Elle m'a dévisagée, à la fois estomaquée et curieuse.

— On déjeune ensemble ? m'a-t-elle proposé, en me voyant prendre ma veste.

Elle devait croire que j'allais tout lui raconter, en détail. Elle en souriait d'avance. Elle attendait ça depuis longtemps. Ensuite, elle raconterait tout à Sandra et à Karine.

J'ai enfilé ma veste, puis je me suis retournée pour la regarder.

— Désolée, mais j'ai rendez-vous avec une amie.

— Une amie ?

Elizabeth a eu l'air étonné. Elle savait bien que je n'avais pas d'amies, à part elle.

— Je la connais ?

Sur le pas de la porte, j'ai lancé, avec une pointe d'effronterie :

— Non, vous ne la connaissez pas. Elle s'appelle Sabrina.

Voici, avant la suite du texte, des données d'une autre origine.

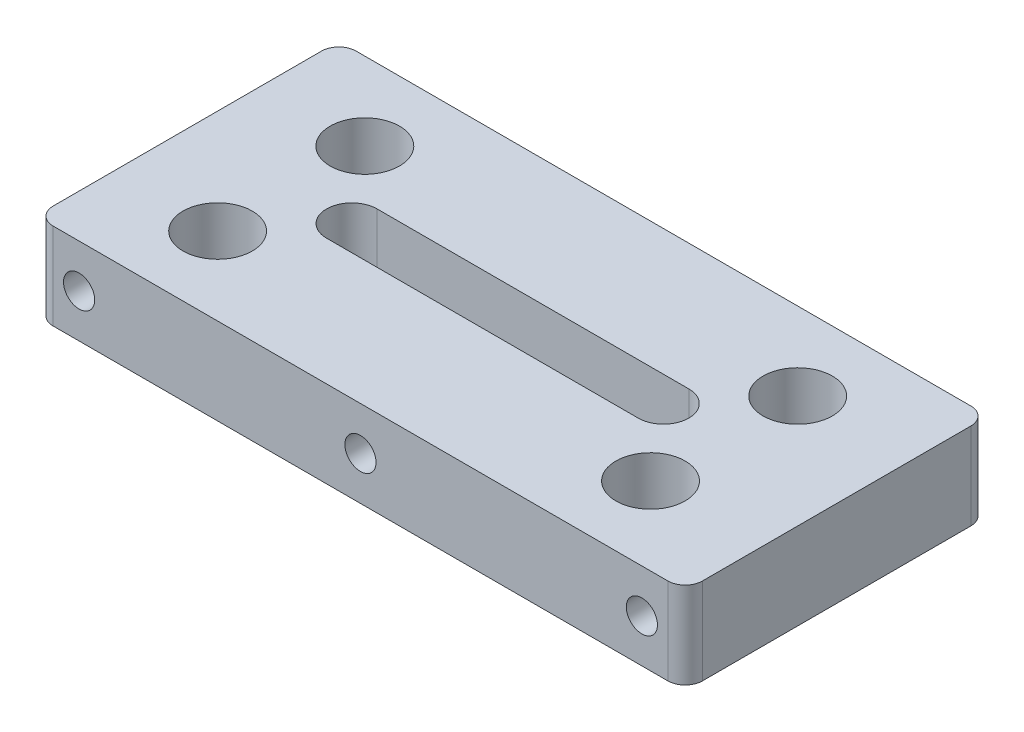
ISO-10303-21;
HEADER;
FILE_DESCRIPTION(('STEP AP214'),'2;1');
FILE_NAME('part.step','',(''),(''),'','','');
FILE_SCHEMA(('AUTOMOTIVE_DESIGN { 1 0 10303 214 1 1 1 1 }'));
ENDSEC;
DATA;
#1=APPLICATION_CONTEXT('core data for automotive mechanical design processes');
#2=APPLICATION_PROTOCOL_DEFINITION('international standard','automotive_design',2000,#1);
#3=PRODUCT_CONTEXT('',#1,'mechanical');
#4=PRODUCT('Part','Part','',(#3));
#5=PRODUCT_RELATED_PRODUCT_CATEGORY('part','',(#4));
#6=PRODUCT_DEFINITION_FORMATION('','',#4);
#7=PRODUCT_DEFINITION_CONTEXT('part definition',#1,'design');
#8=PRODUCT_DEFINITION('design','',#6,#7);
#9=PRODUCT_DEFINITION_SHAPE('','',#8);
#10=(LENGTH_UNIT() NAMED_UNIT(*) SI_UNIT(.MILLI.,.METRE.));
#11=(NAMED_UNIT(*) PLANE_ANGLE_UNIT() SI_UNIT($,.RADIAN.));
#12=(NAMED_UNIT(*) SI_UNIT($,.STERADIAN.) SOLID_ANGLE_UNIT());
#13=UNCERTAINTY_MEASURE_WITH_UNIT(LENGTH_MEASURE(1.E-05),#10,'distance_accuracy_value','');
#14=(GEOMETRIC_REPRESENTATION_CONTEXT(3) GLOBAL_UNCERTAINTY_ASSIGNED_CONTEXT((#13)) GLOBAL_UNIT_ASSIGNED_CONTEXT((#10,
#11,#12)) REPRESENTATION_CONTEXT('',''));
#15=CARTESIAN_POINT('',(0.,0.,0.));
#16=DIRECTION('',(0.,0.,1.));
#17=DIRECTION('',(1.,0.,0.));
#18=AXIS2_PLACEMENT_3D('',#15,#16,#17);
#19=CARTESIAN_POINT('',(0.,10.,0.));
#20=DIRECTION('',(1.,0.,0.));
#21=DIRECTION('',(0.,0.,-1.));
#22=AXIS2_PLACEMENT_3D('',#19,#20,#21);
#23=PLANE('',#22);
#24=DIRECTION('',(0.,0.,1.));
#25=VECTOR('',#24,1.);
#26=CARTESIAN_POINT('',(0.,10.,0.));
#27=LINE('',#26,#25);
#28=CARTESIAN_POINT('',(0.,10.,-33.));
#29=VERTEX_POINT('',#28);
#30=CARTESIAN_POINT('',(0.,10.,-2.));
#31=VERTEX_POINT('',#30);
#32=EDGE_CURVE('E214',#29,#31,#27,.T.);
#33=ORIENTED_EDGE('',*,*,#32,.F.);
#34=DIRECTION('',(0.,-1.,0.));
#35=VECTOR('',#34,1.);
#36=CARTESIAN_POINT('',(0.,10.,-33.));
#37=LINE('',#36,#35);
#38=CARTESIAN_POINT('',(0.,0.,-33.));
#39=VERTEX_POINT('',#38);
#40=EDGE_CURVE('E236',#29,#39,#37,.T.);
#41=ORIENTED_EDGE('',*,*,#40,.T.);
#42=DIRECTION('',(0.,0.,1.));
#43=VECTOR('',#42,1.);
#44=CARTESIAN_POINT('',(0.,0.,0.));
#45=LINE('',#44,#43);
#46=CARTESIAN_POINT('',(0.,0.,-2.));
#47=VERTEX_POINT('',#46);
#48=EDGE_CURVE('E199',#39,#47,#45,.T.);
#49=ORIENTED_EDGE('',*,*,#48,.T.);
#50=DIRECTION('',(0.,-1.,0.));
#51=VECTOR('',#50,1.);
#52=CARTESIAN_POINT('',(0.,10.,-2.));
#53=LINE('',#52,#51);
#54=EDGE_CURVE('E225',#47,#31,#53,.F.);
#55=ORIENTED_EDGE('',*,*,#54,.T.);
#56=EDGE_LOOP('',(#33,#41,#49,#55));
#57=FACE_BOUND('',#56,.T.);
#58=ADVANCED_FACE('F34',(#57),#23,.F.);
#59=CARTESIAN_POINT('',(0.,10.,0.));
#60=DIRECTION('',(0.,0.,-1.));
#61=DIRECTION('',(-1.,0.,0.));
#62=AXIS2_PLACEMENT_3D('',#59,#60,#61);
#63=PLANE('',#62);
#64=CARTESIAN_POINT('',(5.,5.,0.));
#65=DIRECTION('',(0.,0.,1.));
#66=DIRECTION('',(1.,0.,0.));
#67=AXIS2_PLACEMENT_3D('',#64,#65,#66);
#68=CIRCLE('',#67,1.8);
#69=CARTESIAN_POINT('',(6.8,5.,0.));
#70=VERTEX_POINT('',#69);
#71=EDGE_CURVE('E200',#70,#70,#68,.T.);
#72=ORIENTED_EDGE('',*,*,#71,.F.);
#73=EDGE_LOOP('',(#72));
#74=FACE_BOUND('',#73,.T.);
#75=CARTESIAN_POINT('',(37.5,5.,0.));
#76=DIRECTION('',(0.,0.,1.));
#77=DIRECTION('',(1.,0.,0.));
#78=AXIS2_PLACEMENT_3D('',#75,#76,#77);
#79=CIRCLE('',#78,1.8);
#80=CARTESIAN_POINT('',(39.3,5.,0.));
#81=VERTEX_POINT('',#80);
#82=EDGE_CURVE('E206',#81,#81,#79,.T.);
#83=ORIENTED_EDGE('',*,*,#82,.F.);
#84=EDGE_LOOP('',(#83));
#85=FACE_BOUND('',#84,.T.);
#86=CARTESIAN_POINT('',(70.,5.,0.));
#87=DIRECTION('',(0.,0.,1.));
#88=DIRECTION('',(1.,0.,0.));
#89=AXIS2_PLACEMENT_3D('',#86,#87,#88);
#90=CIRCLE('',#89,1.79999999999999);
#91=CARTESIAN_POINT('',(71.8,5.,0.));
#92=VERTEX_POINT('',#91);
#93=EDGE_CURVE('E181',#92,#92,#90,.T.);
#94=ORIENTED_EDGE('',*,*,#93,.F.);
#95=EDGE_LOOP('',(#94));
#96=FACE_BOUND('',#95,.T.);
#97=DIRECTION('',(1.,0.,0.));
#98=VECTOR('',#97,1.);
#99=CARTESIAN_POINT('',(0.,10.,0.));
#100=LINE('',#99,#98);
#101=CARTESIAN_POINT('',(2.,10.,0.));
#102=VERTEX_POINT('',#101);
#103=CARTESIAN_POINT('',(73.,10.,0.));
#104=VERTEX_POINT('',#103);
#105=EDGE_CURVE('E217',#102,#104,#100,.T.);
#106=ORIENTED_EDGE('',*,*,#105,.F.);
#107=DIRECTION('',(0.,-1.,0.));
#108=VECTOR('',#107,1.);
#109=CARTESIAN_POINT('',(2.,10.,0.));
#110=LINE('',#109,#108);
#111=CARTESIAN_POINT('',(2.,0.,0.));
#112=VERTEX_POINT('',#111);
#113=EDGE_CURVE('E261',#102,#112,#110,.T.);
#114=ORIENTED_EDGE('',*,*,#113,.T.);
#115=DIRECTION('',(1.,0.,0.));
#116=VECTOR('',#115,1.);
#117=CARTESIAN_POINT('',(0.,0.,0.));
#118=LINE('',#117,#116);
#119=CARTESIAN_POINT('',(73.,0.,0.));
#120=VERTEX_POINT('',#119);
#121=EDGE_CURVE('E228',#112,#120,#118,.T.);
#122=ORIENTED_EDGE('',*,*,#121,.T.);
#123=DIRECTION('',(0.,-1.,0.));
#124=VECTOR('',#123,1.);
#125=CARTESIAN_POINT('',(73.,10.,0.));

Après ce que j'avais ressenti chez Marie – une espèce de tristesse morbide qui m'a longtemps pesé –, j'avais décidé de ne plus aller devant les autres maisons. Cela me faisait mal, cela me perturbait trop. Je ne savais pas au juste pourquoi. Je m'étais contentée de cet état de fait. Te n'irai plus. Point.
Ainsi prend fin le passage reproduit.